=== Try it ===
Your answer should be the lines of the data below that contain "spsGroundLib".

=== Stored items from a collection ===
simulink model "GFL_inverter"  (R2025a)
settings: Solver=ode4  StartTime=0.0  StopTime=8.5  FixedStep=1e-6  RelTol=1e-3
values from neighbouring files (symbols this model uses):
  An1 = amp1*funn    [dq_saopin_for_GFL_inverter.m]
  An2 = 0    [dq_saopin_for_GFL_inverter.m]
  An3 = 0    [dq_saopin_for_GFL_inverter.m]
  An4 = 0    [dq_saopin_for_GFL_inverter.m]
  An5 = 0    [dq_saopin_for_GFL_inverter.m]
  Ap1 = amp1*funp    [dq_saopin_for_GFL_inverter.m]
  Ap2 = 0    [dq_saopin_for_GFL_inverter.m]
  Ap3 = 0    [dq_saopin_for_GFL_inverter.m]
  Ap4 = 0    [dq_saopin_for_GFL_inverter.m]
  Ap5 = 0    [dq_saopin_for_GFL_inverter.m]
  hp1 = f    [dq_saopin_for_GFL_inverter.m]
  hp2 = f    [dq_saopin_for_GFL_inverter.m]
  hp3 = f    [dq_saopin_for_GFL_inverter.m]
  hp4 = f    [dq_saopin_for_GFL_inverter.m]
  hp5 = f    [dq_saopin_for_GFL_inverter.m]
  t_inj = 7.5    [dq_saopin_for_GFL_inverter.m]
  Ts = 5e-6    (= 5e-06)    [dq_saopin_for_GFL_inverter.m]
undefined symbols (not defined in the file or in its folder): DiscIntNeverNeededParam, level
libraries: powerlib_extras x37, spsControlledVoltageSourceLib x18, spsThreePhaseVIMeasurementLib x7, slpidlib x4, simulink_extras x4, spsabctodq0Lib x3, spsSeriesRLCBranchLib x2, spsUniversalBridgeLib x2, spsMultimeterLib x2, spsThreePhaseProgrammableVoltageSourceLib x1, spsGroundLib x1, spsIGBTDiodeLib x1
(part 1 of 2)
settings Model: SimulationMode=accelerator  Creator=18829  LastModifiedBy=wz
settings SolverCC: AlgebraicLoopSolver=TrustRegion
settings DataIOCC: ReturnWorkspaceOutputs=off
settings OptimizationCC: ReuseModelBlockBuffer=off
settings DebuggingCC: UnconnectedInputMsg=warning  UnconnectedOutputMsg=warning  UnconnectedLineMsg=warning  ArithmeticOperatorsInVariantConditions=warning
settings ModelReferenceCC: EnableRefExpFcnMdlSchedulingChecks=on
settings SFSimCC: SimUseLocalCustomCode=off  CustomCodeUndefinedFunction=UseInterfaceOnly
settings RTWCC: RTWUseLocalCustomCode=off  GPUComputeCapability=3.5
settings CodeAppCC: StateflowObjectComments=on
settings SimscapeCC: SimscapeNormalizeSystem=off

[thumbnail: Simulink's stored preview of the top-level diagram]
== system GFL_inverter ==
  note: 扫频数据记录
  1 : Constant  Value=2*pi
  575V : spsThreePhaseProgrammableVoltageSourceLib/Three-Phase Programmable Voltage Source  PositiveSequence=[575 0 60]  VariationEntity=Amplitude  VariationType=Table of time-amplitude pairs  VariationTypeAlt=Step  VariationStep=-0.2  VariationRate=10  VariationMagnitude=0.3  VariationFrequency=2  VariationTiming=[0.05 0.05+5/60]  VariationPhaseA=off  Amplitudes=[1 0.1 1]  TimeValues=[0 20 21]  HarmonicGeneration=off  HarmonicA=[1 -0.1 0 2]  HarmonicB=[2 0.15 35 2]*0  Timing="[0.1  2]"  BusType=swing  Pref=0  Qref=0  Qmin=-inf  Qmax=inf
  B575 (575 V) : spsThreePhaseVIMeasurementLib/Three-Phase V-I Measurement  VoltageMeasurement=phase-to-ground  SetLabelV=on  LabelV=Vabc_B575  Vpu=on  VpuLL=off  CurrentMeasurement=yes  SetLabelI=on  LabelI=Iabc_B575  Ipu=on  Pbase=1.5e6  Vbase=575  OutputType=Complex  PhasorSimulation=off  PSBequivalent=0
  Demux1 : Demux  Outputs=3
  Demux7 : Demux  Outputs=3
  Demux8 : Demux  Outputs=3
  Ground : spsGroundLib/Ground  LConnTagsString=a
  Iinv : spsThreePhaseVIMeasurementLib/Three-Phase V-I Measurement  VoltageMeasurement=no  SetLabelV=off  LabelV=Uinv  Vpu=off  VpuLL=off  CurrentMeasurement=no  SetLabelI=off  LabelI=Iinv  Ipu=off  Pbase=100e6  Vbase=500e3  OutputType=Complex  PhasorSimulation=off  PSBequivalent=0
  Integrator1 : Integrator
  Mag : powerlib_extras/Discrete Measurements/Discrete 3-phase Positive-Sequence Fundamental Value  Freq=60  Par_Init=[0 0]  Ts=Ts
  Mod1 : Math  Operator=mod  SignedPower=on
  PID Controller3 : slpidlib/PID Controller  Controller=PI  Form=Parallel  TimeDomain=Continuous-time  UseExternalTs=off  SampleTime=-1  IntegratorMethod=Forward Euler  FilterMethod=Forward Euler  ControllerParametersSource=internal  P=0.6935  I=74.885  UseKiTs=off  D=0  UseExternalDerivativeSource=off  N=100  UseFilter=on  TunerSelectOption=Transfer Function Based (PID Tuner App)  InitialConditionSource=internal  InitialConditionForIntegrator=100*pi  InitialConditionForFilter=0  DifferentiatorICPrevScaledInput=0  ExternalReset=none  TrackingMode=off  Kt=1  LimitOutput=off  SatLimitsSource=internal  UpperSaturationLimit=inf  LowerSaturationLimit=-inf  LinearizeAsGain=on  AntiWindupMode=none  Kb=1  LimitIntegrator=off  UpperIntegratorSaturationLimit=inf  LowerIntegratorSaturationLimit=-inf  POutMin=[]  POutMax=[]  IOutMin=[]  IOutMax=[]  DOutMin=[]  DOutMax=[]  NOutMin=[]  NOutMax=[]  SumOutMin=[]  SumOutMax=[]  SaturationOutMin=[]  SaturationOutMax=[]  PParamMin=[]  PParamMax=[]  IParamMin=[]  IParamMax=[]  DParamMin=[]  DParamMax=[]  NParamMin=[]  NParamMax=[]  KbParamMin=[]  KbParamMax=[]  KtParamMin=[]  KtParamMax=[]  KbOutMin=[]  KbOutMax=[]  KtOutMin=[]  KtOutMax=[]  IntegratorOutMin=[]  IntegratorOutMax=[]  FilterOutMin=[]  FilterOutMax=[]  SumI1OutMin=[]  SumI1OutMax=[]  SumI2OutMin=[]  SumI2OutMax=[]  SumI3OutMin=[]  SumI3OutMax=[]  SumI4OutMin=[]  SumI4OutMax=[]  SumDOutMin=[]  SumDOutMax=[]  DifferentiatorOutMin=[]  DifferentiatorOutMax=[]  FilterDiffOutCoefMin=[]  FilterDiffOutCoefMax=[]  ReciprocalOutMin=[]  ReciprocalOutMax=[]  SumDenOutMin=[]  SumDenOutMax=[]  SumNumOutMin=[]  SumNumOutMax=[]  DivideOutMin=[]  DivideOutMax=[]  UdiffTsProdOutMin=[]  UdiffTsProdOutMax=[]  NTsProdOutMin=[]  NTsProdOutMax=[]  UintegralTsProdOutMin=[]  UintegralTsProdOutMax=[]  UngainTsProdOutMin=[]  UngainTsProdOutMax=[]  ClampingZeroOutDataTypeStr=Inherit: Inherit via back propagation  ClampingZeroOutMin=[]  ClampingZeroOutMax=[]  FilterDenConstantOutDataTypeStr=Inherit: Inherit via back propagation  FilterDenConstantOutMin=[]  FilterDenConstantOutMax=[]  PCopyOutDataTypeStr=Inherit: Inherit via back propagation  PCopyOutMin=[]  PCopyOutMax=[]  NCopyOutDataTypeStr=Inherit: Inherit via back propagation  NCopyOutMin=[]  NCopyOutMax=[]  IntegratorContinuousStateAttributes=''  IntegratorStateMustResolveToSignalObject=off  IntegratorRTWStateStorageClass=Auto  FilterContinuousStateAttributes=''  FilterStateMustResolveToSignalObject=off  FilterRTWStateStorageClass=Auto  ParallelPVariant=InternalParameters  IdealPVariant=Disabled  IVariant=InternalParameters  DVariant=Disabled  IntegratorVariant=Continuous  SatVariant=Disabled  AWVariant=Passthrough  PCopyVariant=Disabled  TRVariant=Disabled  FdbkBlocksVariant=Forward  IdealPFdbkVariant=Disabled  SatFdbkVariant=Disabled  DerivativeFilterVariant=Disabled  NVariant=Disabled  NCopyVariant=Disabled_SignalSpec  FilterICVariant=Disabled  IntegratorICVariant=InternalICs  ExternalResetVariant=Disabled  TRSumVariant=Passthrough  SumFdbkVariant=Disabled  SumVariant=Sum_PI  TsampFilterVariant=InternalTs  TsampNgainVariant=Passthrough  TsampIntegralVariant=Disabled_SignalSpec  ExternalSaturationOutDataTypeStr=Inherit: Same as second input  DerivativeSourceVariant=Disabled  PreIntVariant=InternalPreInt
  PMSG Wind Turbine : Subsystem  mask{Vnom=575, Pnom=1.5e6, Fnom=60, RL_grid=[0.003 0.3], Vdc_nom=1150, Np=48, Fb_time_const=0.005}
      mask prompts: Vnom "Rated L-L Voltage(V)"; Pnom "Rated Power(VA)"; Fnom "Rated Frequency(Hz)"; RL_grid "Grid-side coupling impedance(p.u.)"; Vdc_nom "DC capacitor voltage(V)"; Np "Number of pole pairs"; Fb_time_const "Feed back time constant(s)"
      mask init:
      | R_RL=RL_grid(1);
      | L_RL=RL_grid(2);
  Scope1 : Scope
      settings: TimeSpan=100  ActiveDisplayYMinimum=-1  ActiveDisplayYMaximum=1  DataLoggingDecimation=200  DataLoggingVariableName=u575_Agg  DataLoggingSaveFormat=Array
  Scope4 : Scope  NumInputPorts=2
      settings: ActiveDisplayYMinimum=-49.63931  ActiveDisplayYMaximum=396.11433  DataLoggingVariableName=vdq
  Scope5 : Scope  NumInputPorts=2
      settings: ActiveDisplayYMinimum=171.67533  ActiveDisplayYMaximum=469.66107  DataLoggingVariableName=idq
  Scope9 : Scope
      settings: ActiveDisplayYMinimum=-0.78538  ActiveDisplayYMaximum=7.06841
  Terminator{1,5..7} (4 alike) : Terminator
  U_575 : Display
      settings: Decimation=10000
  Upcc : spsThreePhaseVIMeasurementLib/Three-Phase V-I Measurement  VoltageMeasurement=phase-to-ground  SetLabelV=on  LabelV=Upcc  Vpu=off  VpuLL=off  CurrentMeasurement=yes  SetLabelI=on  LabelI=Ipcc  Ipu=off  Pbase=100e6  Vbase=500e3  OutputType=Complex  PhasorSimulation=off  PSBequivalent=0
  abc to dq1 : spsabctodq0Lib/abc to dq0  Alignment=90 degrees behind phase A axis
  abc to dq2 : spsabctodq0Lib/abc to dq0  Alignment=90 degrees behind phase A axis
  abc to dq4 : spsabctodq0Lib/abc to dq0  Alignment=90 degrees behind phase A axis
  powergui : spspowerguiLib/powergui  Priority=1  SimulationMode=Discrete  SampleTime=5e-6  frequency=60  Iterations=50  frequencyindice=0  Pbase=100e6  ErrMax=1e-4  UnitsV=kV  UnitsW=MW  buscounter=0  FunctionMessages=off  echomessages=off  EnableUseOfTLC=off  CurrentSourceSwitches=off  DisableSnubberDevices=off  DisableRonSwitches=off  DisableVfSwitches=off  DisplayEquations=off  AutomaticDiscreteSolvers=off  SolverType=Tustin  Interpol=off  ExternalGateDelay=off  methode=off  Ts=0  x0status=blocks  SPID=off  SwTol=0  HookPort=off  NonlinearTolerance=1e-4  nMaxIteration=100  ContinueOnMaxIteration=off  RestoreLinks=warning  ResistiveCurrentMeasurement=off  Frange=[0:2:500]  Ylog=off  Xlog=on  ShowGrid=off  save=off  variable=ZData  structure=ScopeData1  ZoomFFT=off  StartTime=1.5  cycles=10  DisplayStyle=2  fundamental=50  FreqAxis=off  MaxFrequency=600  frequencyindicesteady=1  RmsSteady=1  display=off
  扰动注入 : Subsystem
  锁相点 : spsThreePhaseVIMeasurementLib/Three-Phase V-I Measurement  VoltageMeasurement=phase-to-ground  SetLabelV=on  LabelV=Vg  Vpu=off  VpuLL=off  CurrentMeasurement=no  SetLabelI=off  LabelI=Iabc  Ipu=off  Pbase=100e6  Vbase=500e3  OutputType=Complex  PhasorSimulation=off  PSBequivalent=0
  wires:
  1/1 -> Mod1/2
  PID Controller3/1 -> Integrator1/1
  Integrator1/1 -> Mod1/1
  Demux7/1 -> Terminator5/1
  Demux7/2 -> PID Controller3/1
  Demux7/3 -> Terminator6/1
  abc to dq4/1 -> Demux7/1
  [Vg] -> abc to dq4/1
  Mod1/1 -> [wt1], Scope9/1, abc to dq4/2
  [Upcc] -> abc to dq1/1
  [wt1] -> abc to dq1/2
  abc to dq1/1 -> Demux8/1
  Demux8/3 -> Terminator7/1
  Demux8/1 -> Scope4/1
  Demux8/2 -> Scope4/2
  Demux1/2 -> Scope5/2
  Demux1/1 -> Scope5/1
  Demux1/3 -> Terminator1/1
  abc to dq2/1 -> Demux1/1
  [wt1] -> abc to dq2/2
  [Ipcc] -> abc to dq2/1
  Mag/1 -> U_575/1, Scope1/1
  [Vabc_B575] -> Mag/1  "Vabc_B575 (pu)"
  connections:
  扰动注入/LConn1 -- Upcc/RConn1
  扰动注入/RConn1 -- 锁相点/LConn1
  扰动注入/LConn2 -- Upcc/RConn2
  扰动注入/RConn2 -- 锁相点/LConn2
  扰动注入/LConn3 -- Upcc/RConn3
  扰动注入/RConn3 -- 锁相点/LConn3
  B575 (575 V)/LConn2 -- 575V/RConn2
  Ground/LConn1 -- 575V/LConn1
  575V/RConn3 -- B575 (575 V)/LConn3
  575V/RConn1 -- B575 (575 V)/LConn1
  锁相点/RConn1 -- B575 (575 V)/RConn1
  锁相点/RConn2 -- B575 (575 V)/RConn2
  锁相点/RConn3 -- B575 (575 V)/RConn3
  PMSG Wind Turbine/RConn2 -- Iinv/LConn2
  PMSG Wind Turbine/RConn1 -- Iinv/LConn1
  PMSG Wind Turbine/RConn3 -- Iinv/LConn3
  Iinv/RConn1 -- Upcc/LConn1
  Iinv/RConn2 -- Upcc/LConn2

=== Task solution ===
libraries: powerlib_extras x37, spsControlledVoltageSourceLib x18, spsThreePhaseVIMeasurementLib x7, slpidlib x4, simulink_extras x4, spsabctodq0Lib x3, spsSeriesRLCBranchLib x2, spsUniversalBridgeLib x2, spsMultimeterLib x2, spsThreePhaseProgrammableVoltageSourceLib x1, spsGroundLib x1, spsIGBTDiodeLib x1
  Ground : spsGroundLib/Ground  LConnTagsString=a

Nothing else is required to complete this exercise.